Mexico find suggests humans lived in Americas much earlier than thought
Mexico City, Jul 22 (efe-epa).- Archaeological research in a cave in northern Mexico has uncovered evidence that humans inhabited the zone 30,000 years ago, suggesting that man came to North America 15,000 years earlier than thought, according to an article Nature magazine published on Wednesday.
The publication says that since 2012 a team from the Autonomous University of Zacatecas has been excavating in the Chiquihuite cave in the Astillero Mountains, where they have found almost 2,000 stone tools, of which 239 were resting in layers of gravel dating to between 25,000 and 32,000 years ago.
The “general opinion” up until this discovery has been that the first people arrived in the Americas from Asia about 15,000-16,000 years ago.
This figure is based on finds at the Monte Verde II site in Chile, which have been dated to 14,000 years ago.
According to Nature, the head of the new investigation, Ciprian Ardelean, believes that the cave was visited “occasionally,” given that only relatively few ancient tools have been found there.
He told the magazine that ancient hunter-gatherers possibly used it as a shelter for a few decades, during particularly severe winters, noting that 26,000 years ago, during the last Ice Age, North America had been a “dangerous” area.

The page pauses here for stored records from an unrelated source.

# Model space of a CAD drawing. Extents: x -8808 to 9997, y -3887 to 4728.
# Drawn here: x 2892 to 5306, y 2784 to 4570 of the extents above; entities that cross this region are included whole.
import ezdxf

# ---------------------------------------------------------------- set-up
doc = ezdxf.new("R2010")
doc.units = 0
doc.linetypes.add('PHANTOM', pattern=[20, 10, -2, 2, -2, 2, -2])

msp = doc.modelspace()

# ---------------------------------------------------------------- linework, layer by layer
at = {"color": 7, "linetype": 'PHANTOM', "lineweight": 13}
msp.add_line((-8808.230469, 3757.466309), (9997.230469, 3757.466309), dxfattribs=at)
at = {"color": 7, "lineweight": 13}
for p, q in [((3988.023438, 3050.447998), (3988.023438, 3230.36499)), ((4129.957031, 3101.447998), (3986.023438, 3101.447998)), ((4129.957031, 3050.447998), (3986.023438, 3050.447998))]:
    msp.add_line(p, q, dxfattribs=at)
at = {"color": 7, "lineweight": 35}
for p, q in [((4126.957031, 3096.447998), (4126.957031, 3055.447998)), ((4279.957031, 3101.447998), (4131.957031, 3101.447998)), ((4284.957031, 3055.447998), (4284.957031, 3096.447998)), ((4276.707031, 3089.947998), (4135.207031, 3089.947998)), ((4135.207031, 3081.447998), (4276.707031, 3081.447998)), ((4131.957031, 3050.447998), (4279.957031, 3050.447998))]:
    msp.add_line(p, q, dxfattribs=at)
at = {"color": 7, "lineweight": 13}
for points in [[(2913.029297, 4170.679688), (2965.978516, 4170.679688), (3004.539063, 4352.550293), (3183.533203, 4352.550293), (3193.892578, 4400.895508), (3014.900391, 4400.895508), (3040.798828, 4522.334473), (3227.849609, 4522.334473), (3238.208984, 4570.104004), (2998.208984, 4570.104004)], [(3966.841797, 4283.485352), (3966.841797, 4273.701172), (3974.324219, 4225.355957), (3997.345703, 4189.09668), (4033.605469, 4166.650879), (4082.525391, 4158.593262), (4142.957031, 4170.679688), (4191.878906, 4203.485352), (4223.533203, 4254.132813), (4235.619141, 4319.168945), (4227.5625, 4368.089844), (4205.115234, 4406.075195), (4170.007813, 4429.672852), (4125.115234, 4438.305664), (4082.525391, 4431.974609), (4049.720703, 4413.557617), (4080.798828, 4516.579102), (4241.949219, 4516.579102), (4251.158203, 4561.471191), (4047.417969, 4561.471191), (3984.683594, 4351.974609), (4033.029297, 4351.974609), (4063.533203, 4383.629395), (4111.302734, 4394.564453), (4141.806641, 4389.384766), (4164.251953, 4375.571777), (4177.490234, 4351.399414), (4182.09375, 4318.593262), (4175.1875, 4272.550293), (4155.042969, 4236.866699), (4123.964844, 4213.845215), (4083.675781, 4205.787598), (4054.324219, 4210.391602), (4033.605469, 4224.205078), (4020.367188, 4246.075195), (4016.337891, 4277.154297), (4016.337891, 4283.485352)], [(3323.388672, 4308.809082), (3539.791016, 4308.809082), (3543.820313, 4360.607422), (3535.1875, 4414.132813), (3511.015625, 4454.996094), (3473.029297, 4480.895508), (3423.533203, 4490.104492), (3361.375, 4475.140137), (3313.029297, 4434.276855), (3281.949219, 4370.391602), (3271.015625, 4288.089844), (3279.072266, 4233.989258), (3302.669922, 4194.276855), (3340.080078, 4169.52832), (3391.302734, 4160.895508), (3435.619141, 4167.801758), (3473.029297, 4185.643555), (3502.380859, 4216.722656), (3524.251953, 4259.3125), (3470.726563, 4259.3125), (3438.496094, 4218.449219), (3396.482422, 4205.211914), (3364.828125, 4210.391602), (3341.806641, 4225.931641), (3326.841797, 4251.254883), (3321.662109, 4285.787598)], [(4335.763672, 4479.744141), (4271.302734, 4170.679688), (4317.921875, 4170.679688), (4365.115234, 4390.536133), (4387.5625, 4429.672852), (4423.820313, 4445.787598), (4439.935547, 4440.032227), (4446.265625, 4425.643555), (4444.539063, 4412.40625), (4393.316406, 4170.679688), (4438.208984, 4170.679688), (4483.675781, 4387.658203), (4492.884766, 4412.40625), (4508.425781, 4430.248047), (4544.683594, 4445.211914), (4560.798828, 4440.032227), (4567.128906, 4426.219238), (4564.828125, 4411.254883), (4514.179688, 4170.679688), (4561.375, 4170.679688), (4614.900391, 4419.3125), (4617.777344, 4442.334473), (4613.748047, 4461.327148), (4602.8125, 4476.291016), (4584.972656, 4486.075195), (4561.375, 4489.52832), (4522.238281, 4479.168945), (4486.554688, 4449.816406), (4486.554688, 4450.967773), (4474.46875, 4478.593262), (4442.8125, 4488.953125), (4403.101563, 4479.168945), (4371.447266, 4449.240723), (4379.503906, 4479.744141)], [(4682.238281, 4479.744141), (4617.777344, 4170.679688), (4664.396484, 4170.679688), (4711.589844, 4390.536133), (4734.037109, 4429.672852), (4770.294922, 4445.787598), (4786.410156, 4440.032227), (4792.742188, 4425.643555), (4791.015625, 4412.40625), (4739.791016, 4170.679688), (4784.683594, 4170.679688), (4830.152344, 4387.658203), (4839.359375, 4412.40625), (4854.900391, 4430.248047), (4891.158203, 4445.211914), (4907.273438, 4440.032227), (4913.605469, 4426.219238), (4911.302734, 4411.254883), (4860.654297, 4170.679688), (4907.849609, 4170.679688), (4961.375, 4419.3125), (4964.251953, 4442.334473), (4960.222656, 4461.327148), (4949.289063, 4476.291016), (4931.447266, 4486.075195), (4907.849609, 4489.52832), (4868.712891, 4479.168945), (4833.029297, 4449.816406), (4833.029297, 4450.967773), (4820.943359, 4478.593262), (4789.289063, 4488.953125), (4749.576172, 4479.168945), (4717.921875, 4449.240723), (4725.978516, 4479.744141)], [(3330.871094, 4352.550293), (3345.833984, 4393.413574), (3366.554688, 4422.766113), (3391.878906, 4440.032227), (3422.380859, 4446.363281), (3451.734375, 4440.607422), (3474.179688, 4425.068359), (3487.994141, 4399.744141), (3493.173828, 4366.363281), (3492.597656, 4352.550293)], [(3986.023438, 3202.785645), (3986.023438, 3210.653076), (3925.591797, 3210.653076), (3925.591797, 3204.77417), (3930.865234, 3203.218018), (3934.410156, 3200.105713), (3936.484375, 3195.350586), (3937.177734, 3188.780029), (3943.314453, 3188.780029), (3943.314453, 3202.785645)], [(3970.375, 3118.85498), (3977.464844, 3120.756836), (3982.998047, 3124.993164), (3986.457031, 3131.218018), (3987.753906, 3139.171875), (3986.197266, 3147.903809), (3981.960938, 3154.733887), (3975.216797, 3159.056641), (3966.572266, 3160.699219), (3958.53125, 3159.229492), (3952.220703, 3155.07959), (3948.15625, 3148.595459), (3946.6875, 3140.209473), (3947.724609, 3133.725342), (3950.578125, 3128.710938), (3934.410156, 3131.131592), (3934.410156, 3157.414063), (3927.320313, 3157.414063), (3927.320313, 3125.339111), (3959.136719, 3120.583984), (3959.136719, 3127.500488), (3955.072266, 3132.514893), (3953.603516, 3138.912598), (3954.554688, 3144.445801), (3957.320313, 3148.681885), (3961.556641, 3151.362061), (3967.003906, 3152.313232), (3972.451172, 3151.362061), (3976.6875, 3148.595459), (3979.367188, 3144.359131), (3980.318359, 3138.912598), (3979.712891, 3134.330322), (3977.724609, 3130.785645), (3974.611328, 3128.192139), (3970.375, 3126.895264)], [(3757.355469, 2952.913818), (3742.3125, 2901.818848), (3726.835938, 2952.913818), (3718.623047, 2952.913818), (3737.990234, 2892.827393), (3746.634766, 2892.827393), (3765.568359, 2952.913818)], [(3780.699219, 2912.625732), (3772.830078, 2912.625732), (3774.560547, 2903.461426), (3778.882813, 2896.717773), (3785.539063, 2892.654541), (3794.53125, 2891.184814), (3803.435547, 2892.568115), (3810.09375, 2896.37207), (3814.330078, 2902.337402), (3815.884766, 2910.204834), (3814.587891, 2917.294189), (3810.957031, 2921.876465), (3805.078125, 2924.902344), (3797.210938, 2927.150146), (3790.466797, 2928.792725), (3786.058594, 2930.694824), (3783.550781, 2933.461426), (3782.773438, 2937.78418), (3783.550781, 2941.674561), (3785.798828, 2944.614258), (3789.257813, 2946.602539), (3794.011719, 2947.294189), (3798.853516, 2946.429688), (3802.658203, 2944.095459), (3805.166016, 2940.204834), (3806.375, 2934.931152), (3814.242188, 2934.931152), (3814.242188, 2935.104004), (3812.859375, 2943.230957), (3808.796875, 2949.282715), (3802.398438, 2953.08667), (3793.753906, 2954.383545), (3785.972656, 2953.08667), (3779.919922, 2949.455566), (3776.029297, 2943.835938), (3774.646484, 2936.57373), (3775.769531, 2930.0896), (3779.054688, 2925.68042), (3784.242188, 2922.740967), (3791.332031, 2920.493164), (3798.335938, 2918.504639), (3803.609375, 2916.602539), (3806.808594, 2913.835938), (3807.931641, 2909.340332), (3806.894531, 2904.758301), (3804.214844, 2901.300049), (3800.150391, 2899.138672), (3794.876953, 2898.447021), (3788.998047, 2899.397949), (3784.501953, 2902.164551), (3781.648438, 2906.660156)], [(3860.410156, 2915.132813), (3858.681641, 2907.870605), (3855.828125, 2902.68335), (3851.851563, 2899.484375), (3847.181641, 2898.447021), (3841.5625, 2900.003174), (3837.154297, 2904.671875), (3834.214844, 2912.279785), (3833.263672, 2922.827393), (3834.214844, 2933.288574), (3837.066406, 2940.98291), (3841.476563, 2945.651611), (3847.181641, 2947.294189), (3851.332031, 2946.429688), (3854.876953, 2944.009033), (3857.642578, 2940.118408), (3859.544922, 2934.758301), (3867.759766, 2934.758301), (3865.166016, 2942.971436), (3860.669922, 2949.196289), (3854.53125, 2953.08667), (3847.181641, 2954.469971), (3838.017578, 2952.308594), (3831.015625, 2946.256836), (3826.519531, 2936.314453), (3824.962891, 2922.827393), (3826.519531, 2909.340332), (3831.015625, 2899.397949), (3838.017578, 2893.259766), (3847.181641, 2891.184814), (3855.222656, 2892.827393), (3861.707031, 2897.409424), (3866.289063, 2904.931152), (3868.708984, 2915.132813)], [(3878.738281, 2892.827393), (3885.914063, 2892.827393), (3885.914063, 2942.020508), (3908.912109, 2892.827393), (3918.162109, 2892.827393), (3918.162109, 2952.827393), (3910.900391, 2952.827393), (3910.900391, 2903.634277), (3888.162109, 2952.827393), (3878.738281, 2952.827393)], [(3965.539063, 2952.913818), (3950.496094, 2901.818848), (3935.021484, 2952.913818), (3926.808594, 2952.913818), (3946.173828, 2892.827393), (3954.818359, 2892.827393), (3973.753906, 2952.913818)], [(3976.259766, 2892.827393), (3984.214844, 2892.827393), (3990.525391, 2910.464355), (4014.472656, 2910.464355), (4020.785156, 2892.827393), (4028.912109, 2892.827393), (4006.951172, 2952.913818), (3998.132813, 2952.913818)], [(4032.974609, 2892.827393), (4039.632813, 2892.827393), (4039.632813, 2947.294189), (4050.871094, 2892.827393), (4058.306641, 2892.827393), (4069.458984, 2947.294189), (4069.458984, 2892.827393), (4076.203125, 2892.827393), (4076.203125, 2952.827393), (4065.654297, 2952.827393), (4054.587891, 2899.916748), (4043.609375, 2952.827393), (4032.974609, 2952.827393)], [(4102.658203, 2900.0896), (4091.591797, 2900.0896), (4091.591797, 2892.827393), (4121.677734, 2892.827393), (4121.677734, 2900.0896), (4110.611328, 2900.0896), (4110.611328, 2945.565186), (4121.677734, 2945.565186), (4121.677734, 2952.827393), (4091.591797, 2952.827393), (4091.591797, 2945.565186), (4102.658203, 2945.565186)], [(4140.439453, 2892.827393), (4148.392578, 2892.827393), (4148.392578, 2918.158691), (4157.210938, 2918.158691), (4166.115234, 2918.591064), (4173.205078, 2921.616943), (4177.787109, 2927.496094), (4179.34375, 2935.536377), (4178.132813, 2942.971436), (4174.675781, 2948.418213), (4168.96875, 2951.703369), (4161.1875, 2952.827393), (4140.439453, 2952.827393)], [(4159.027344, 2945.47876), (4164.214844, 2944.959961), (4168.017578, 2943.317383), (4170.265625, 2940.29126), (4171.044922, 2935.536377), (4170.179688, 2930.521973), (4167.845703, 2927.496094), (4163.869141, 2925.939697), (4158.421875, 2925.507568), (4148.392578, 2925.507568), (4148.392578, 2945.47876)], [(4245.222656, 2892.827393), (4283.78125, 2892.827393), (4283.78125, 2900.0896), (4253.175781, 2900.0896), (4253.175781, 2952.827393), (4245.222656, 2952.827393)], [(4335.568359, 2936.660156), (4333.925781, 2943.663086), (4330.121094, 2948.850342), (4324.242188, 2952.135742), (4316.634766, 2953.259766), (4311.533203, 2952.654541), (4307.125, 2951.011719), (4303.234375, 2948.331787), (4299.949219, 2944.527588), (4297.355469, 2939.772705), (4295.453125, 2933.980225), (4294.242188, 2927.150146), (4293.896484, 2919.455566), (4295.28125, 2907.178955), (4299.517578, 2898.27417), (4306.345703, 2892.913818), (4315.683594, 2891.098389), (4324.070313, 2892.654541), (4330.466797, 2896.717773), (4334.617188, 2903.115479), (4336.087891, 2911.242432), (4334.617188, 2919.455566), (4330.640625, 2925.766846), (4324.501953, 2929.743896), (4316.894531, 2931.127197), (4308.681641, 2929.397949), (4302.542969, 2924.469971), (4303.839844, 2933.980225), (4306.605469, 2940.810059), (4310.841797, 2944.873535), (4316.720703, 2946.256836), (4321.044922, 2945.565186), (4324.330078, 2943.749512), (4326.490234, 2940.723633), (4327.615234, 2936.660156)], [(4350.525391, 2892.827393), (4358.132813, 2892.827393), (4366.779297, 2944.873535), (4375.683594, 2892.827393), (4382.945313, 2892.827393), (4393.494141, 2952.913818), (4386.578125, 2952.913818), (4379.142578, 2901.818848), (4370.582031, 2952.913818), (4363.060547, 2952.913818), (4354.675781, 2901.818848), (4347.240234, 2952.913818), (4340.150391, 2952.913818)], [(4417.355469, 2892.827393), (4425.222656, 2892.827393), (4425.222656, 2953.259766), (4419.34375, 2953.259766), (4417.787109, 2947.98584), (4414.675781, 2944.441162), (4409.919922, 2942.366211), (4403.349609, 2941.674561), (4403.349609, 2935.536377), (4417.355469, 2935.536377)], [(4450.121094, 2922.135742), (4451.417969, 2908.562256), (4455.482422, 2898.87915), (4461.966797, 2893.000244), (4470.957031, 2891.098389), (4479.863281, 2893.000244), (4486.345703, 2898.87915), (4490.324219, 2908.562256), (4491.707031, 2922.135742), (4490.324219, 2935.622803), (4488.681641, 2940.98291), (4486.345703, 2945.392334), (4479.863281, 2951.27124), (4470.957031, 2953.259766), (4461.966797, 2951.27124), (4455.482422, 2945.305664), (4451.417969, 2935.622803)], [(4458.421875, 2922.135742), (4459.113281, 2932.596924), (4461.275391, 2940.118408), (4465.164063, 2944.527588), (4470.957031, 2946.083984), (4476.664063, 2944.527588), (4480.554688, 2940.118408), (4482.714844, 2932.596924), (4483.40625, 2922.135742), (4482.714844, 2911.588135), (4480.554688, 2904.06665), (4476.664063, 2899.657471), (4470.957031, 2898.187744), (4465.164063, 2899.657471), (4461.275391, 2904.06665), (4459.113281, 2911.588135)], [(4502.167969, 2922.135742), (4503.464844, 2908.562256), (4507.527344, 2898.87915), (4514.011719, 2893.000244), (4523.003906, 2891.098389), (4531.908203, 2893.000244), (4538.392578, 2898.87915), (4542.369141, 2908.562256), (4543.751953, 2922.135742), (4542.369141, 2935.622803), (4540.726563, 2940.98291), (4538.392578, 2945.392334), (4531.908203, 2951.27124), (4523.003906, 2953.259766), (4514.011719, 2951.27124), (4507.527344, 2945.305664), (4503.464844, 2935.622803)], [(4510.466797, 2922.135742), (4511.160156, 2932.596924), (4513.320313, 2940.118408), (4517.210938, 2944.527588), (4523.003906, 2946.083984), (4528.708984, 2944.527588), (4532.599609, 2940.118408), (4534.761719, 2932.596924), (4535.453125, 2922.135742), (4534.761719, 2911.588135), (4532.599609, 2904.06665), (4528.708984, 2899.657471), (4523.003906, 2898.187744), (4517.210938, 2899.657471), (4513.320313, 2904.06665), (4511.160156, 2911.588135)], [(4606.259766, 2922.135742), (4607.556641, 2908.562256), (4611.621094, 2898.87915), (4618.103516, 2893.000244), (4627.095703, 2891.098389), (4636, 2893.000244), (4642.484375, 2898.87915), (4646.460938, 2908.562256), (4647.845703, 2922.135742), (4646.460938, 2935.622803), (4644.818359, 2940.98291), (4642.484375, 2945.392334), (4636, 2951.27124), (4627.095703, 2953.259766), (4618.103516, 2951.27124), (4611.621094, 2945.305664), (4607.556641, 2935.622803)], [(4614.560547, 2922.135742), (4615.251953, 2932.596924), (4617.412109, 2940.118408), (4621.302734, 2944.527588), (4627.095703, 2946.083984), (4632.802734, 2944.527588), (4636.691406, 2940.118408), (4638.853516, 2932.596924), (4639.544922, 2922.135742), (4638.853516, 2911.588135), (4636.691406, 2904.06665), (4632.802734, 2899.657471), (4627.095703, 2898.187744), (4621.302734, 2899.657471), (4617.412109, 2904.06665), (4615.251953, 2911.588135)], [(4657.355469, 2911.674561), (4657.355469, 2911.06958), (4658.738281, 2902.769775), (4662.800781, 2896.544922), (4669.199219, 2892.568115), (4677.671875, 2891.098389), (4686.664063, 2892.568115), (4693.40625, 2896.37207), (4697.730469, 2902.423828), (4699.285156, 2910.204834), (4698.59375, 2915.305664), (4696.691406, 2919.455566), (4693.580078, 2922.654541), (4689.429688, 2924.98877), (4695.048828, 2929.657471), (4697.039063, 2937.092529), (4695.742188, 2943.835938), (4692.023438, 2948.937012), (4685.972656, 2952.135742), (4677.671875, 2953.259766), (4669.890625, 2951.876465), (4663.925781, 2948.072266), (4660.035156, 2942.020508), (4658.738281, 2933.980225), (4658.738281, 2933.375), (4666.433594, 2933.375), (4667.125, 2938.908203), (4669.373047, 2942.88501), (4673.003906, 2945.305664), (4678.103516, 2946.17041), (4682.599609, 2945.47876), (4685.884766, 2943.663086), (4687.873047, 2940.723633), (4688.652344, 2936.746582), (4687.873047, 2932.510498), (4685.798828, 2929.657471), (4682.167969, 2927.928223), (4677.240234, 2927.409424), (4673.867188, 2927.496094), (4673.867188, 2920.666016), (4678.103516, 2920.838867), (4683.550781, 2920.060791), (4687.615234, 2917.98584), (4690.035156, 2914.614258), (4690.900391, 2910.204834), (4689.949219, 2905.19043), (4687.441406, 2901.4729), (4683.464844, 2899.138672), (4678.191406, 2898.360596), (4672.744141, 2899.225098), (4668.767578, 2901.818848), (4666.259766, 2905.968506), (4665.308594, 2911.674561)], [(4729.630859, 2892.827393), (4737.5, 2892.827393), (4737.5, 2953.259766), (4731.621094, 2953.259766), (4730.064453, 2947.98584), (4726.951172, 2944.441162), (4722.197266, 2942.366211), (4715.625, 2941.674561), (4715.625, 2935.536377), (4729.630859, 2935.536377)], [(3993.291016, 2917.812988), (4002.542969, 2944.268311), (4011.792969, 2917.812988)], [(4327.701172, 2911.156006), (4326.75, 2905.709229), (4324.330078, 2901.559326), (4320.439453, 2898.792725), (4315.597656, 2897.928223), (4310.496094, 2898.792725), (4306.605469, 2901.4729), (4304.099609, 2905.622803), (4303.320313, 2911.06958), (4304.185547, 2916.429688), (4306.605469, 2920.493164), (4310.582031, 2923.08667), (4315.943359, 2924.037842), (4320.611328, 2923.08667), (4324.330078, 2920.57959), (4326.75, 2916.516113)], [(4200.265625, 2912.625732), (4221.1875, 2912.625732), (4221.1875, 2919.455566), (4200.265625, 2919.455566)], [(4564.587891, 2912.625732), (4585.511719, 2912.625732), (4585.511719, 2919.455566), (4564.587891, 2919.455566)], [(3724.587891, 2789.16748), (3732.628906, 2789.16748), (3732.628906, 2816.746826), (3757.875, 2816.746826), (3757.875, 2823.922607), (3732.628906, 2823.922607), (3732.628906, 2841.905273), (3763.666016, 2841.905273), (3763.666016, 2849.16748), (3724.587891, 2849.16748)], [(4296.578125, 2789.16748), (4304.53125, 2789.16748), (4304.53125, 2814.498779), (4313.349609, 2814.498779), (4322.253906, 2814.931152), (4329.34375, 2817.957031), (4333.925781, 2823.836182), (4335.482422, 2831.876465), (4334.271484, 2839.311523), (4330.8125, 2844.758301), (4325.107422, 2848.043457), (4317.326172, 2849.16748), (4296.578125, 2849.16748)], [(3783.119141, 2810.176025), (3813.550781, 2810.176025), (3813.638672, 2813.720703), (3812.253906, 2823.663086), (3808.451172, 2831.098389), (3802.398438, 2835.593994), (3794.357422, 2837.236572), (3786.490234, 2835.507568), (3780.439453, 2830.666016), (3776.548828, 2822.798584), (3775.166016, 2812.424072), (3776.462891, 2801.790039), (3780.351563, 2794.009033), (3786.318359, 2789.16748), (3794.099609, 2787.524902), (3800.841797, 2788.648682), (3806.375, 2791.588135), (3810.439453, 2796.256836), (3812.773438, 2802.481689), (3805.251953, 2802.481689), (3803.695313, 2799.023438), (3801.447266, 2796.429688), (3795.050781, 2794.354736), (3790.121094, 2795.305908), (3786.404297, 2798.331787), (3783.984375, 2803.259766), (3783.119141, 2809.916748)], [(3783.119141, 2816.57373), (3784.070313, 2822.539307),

According to the investigators, Chiquihuite cave is quite isolated and could have provided shelter for people, protecting them from snowstorms, for instance.
The investigation has garnered some controversy, however.
A team of geneticists headed by Eske Willerslev at the University of Copenhagen looked for ancient human DNA in the dirt and gravel layers covering the bottom of the cave but found nothing.
In addition, Nature compared the investigation’s results with those of François Lanoë, an archaeologist and anthropologist at the University of Arizona who warned that the tools found in the cave could have been displaced downwards into deeper layers of gravel by geological activity.”
Meanwhile, Ardelean admitted that some of the tools could have been shifted to lower layers, although he said that the 239 oldest stone implements were found under an impenetrable layer of mud that formed during the height of the last Ice Age.